Benang Merah Korupsi: Kerugian Negara Mencapai 622 Miliar Rupiah
Kasus yang menyeret Gus Alex ini bukanlah perkara kecil. Berdasarkan dakwaan jaksa, total kerugian negara akibat dugaan korupsi kuota haji tambahan ini mencapai angka yang sangat fantastis, yakni lebih dari Rp622 miliar. Angka ini mencerminkan betapa masifnya penyimpangan yang terjadi dalam distribusi kuota haji, yang seharusnya menjadi hak masyarakat Indonesia yang telah mengantre belasan hingga puluhan tahun.
Gus Alex tidak berdiri sendiri dalam kasus ini. Jaksa KPK menyebutkan bahwa perbuatan ini dilakukan secara berjamaah, melibatkan tokoh-tokoh besar seperti mantan Menteri Agama Yaqut Cholil Qoumas, serta beberapa pimpinan asosiasi travel haji dan umrah seperti Asrul Azis Taba dari Kesthuri dan Ismail Adham dari Maktour. Sinergi negatif antara oknum pemerintah, anggota dewan, dan pengusaha inilah yang diduga menjadi mesin pengeruk keuntungan dari dana umat.
Keterlibatan pimpinan Komisi VIII yang disebutkan oleh Gus Alex—yakni Marwan Dasopang, Abdul Wachid, dan Ashabul Kahfi—menambah daftar panjang elit politik yang harus memberikan klarifikasi. Kehadiran nama-nama besar ini di dalam persidangan memberikan tekanan tersendiri bagi penegakan hukum di Indonesia untuk membuktikan apakah benar ada aliran dana yang mengalir secara sistematis ke lembaga legislatif.
Kesaksian Jaja Jaelani: Validasi Narasi Terdakwa?

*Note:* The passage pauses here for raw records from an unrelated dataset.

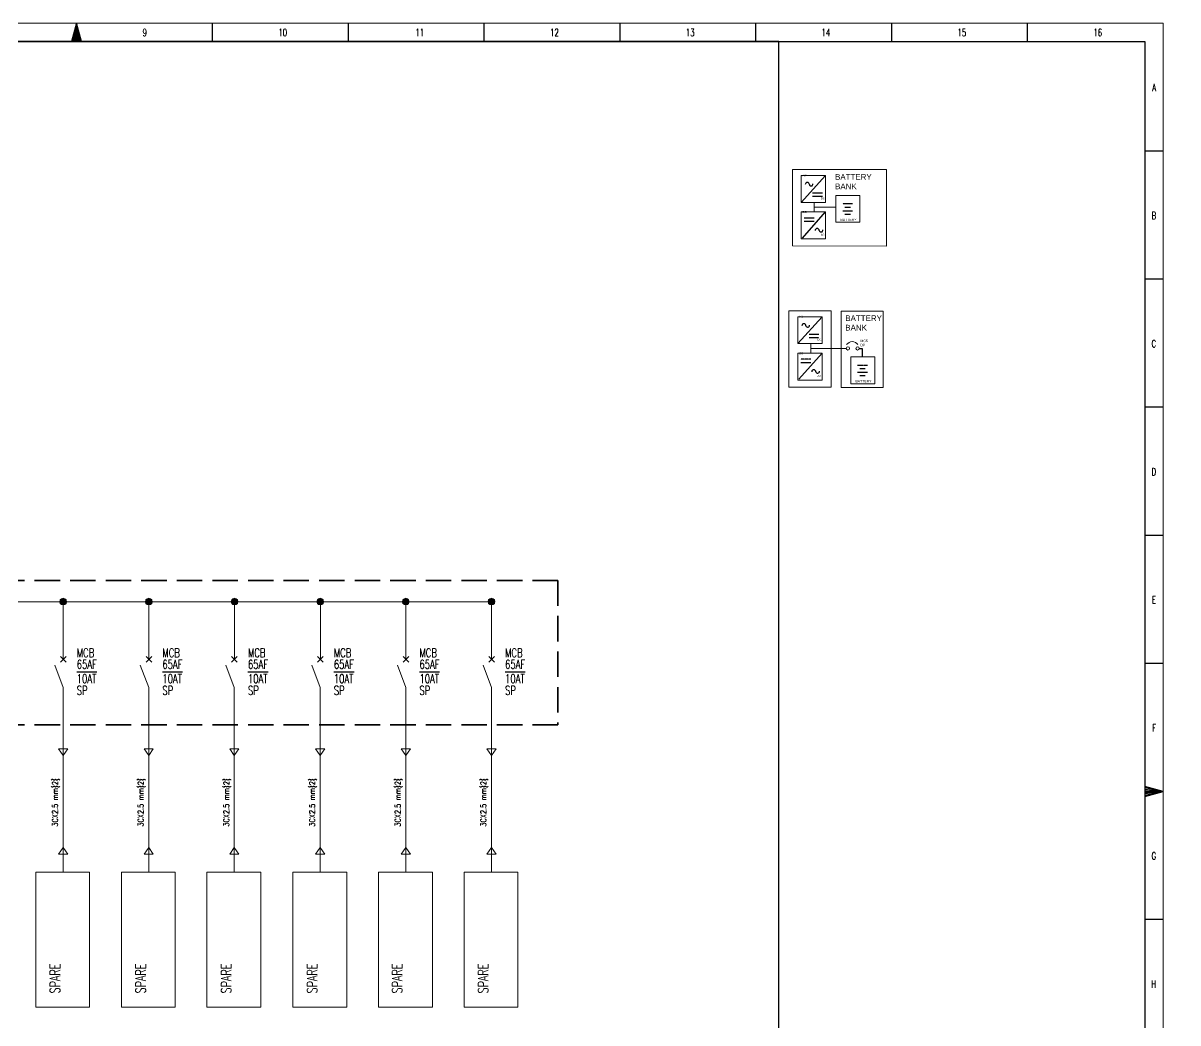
# Model space of a CAD drawing. Header units: inches. Extents: x 21 to 120937, y -15239 to 12027.
# Drawn here: x 1668.4 to 2122.9, y 1204.5 to 1598 of the extents above; entities that cross this region are included whole.
import ezdxf

# ---------------------------------------------------------------- set-up
doc = ezdxf.new("R2010")
doc.units = ezdxf.units.IN
doc.header["$MEASUREMENT"] = 0
doc.linetypes.add('DASH', pattern=[0.35, 0.25, -0.1])
doc.linetypes.add('HIDDEN2', pattern=[0.1875, 0.125, -0.0625])
for name, color, linetype in [('BORDER', 7, 'Continuous'), ('FREE-TEXT', 7, 'Continuous'), ('Label', 7, 'Continuous'), ('Layer 1', 7, 'Continuous'), ('LGT1', 7, 'Continuous'), ('TEG BORDER', 7, 'Continuous')]:
    doc.layers.add(name, color=color, linetype=linetype)
doc.styles.add('HZTXT', font='simplexs.shx', dxfattribs={"width": 0.7, "bigfont": 'hztxt.shx'})
doc.styles.get("Standard").update_dxf_attribs({"font": 'arial.ttf'})
doc.styles.add('TEG BORDER', font='txt_qlt.shx', dxfattribs={"width": 0.7, "bigfont": 'hztxt.shx'})

# ---------------------------------------------------------------- blocks, each defined once
blk = doc.blocks.new('240 BORDER A2')
for p, q in [((297, 420), (297, 415)), ((334.12, 420), (334.12, 415)), ((371.25, 420), (371.25, 415)), ((408.37, 420), (408.37, 415)), ((445.5, 420), (445.5, 415)), ((482.62, 420), (482.62, 415)), ((519.75, 420), (519.75, 415)), ((556.87, 420), (556.87, 415)), ((594, 385), (589, 385)), ((594, 350), (589, 350)), ((594, 315), (589, 315)), ((594, 280), (589, 280)), ((594, 245), (589, 245)), ((589, 210), (594, 210)), ((592.75, 210), (590.25, 210)), ((594, 175), (589, 175))]:
    blk.add_line(p, q)
at = {"linetype": 'Continuous'}
blk.add_line((489, 415), (5, 415), dxfattribs=at)
at = {"color": 5, "lineweight": 15}
blk.add_lwpolyline([(0, 420), (594, 420), (594, 0), (0, 0)], close=True, dxfattribs=at)
for points in [[(297, 420), (295.66, 415), (298.34, 415), (297, 420), (296, 415), (296.33, 415), (297, 420), (296.67, 415), (297.33, 415), (297, 420), (297.67, 415), (298, 415), (297, 420)], [(594, 210), (589, 211.34), (589, 208.66), (594, 210), (589, 211), (589, 210.67), (594, 210), (589, 210.33), (589, 209.67), (594, 210), (589, 209.33), (589, 209), (594, 210)]]:
    blk.add_lwpolyline(points)
blk.add_lwpolyline([(5, 415), (589, 415), (589, 5), (5, 5)], close=True)
at = {"layer": 'TEG BORDER'}
blk.add_line((489, 116), (489, 415), dxfattribs=at)
at = {"char_height": 2, "width": 2, "style": 'TEG BORDER'}
for s, insert, attachment_point in [('9', (315.05, 418.41), 1), ('\\pi2.2204e-016;10', (352.17, 418.41), 1), ('\\pi0.3;11', (389.3, 418.41), 1), ('\\pi2.2204e-016;12', (426.42, 418.41), 1), ('\\pi2.2204e-016;13', (463.55, 418.41), 1), ('\\pi-0.033333;14', (500.67, 418.41), 1), ('\\pi2.2204e-016;15', (537.8, 418.41), 1), ('\\pi0.033333;16', (574.92, 418.41), 1), ('A', (592.09, 403.39), 3), ('B', (592.09, 368.39), 3), ('C', (592.09, 333.39), 3), ('D', (592.09, 298.39), 3), ('E', (592.09, 263.39), 3), ('F', (592.09, 228.39), 3), ('G', (592.09, 193.39), 3), ('H', (592.09, 158.39), 3)]:
    blk.add_mtext(s, dxfattribs=dict(at, insert=insert, attachment_point=attachment_point))

msp = doc.modelspace()

# ---------------------------------------------------------------- hatches: boundary and pattern name
at = {"layer": 'Layer 1'}
for points in [[(1682.98, 1370.98), (1682.77, 1370.23), (1684.16, 1370.23)], [(1682.77, 1370.23), (1682.98, 1369.59), (1684.16, 1370.23)], [(1683.52, 1371.4), (1682.98, 1370.98), (1684.16, 1370.23)], [(1682.98, 1369.59), (1683.52, 1369.16), (1684.16, 1370.23)], [(1684.16, 1371.62), (1683.52, 1371.4), (1684.16, 1370.23)], [(1683.52, 1369.16), (1684.16, 1368.95), (1684.16, 1370.23)], [(1684.8, 1371.4), (1684.16, 1371.62), (1684.16, 1370.23)], [(1685.33, 1370.98), (1684.8, 1371.4), (1684.16, 1370.23)], [(1685.44, 1370.23), (1685.33, 1370.98), (1684.16, 1370.23)], [(1684.16, 1368.95), (1684.8, 1369.16), (1684.16, 1370.23)], [(1684.8, 1369.16), (1685.33, 1369.59), (1684.16, 1370.23)], [(1685.33, 1369.59), (1685.44, 1370.23), (1684.16, 1370.23)], [(1716.68, 1370.98), (1716.58, 1370.23), (1717.85, 1370.23)], [(1716.58, 1370.23), (1716.68, 1369.59), (1717.85, 1370.23)], [(1717.22, 1371.4), (1716.68, 1370.98), (1717.85, 1370.23)], [(1716.68, 1369.59), (1717.22, 1369.16), (1717.85, 1370.23)], [(1717.85, 1371.62), (1717.22, 1371.4), (1717.85, 1370.23)], [(1717.22, 1369.16), (1717.85, 1368.95), (1717.85, 1370.23)], [(1718.49, 1371.4), (1717.85, 1371.62), (1717.85, 1370.23)], [(1719.03, 1370.98), (1718.49, 1371.4), (1717.85, 1370.23)], [(1719.13, 1370.23), (1719.03, 1370.98), (1717.85, 1370.23)], [(1717.85, 1368.95), (1718.49, 1369.16), (1717.85, 1370.23)], [(1718.49, 1369.16), (1719.03, 1369.59), (1717.85, 1370.23)], [(1719.03, 1369.59), (1719.13, 1370.23), (1717.85, 1370.23)], [(1750.49, 1370.98), (1750.27, 1370.34), (1751.55, 1370.34)], [(1750.27, 1370.34), (1750.49, 1369.59), (1751.55, 1370.34)], [(1750.91, 1371.4), (1750.49, 1370.98), (1751.55, 1370.34)], [(1750.49, 1369.59), (1750.91, 1369.16), (1751.55, 1370.34)], [(1751.55, 1371.62), (1750.91, 1371.4), (1751.55, 1370.34)], [(1750.91, 1369.16), (1751.55, 1368.95), (1751.55, 1370.34)], [(1752.19, 1371.4), (1751.55, 1371.62), (1751.55, 1370.34)], [(1752.73, 1370.98), (1752.19, 1371.4), (1751.55, 1370.34)], [(1752.94, 1370.34), (1752.73, 1370.98), (1751.55, 1370.34)], [(1751.55, 1368.95), (1752.19, 1369.16), (1751.55, 1370.34)], [(1752.19, 1369.16), (1752.73, 1369.59), (1751.55, 1370.34)], [(1752.73, 1369.59), (1752.94, 1370.34), (1751.55, 1370.34)], [(1784.19, 1370.98), (1783.97, 1370.23), (1785.36, 1370.23)], [(1783.97, 1370.23), (1784.19, 1369.59), (1785.36, 1370.23)], [(1784.61, 1371.4), (1784.19, 1370.98), (1785.36, 1370.23)], [(1784.19, 1369.59), (1784.61, 1369.16), (1785.36, 1370.23)], [(1785.36, 1371.62), (1784.61, 1371.4), (1785.36, 1370.23)], [(1784.61, 1369.16), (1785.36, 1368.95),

Meskipun Jaja Jaelani mencoba bersikap normatif dalam memberikan keterangan, beberapa konfirmasi yang ia berikan secara tidak langsung memvalidasi narasi yang dibangun oleh Gus Alex. Keberanian Gus Alex untuk mengungkap nama dan lokasi pertemuan di Pengadilan Tipikor menunjukkan adanya upaya untuk membongkar struktur korupsi yang selama ini tertutup rapat.
Sidang ini diprediksi akan terus bergulir dengan fakta-fakta baru yang lebih mengejutkan. Publik kini menunggu apakah KPK akan menindaklanjuti nyanyian Gus Alex dengan memanggil para anggota dewan yang disebutkan namanya. Transparansi dalam kasus kuota haji ini sangat krusial, mengingat ibadah haji adalah urusan yang menyangkut hajat hidup orang banyak dan ketaatan kepada agama.
Dengan kerugian negara yang mencapai ratusan miliar rupiah, kasus ini menjadi salah satu skandal haji terbesar dalam satu dekade terakhir. WartaLog akan terus mengawal jalannya persidangan ini untuk memastikan bahwa setiap sen uang rakyat dan setiap jengkal kuota haji benar-benar digunakan untuk kepentingan jamaah, bukan untuk memperkaya segelintir elit di Jakarta maupun di tanah suci.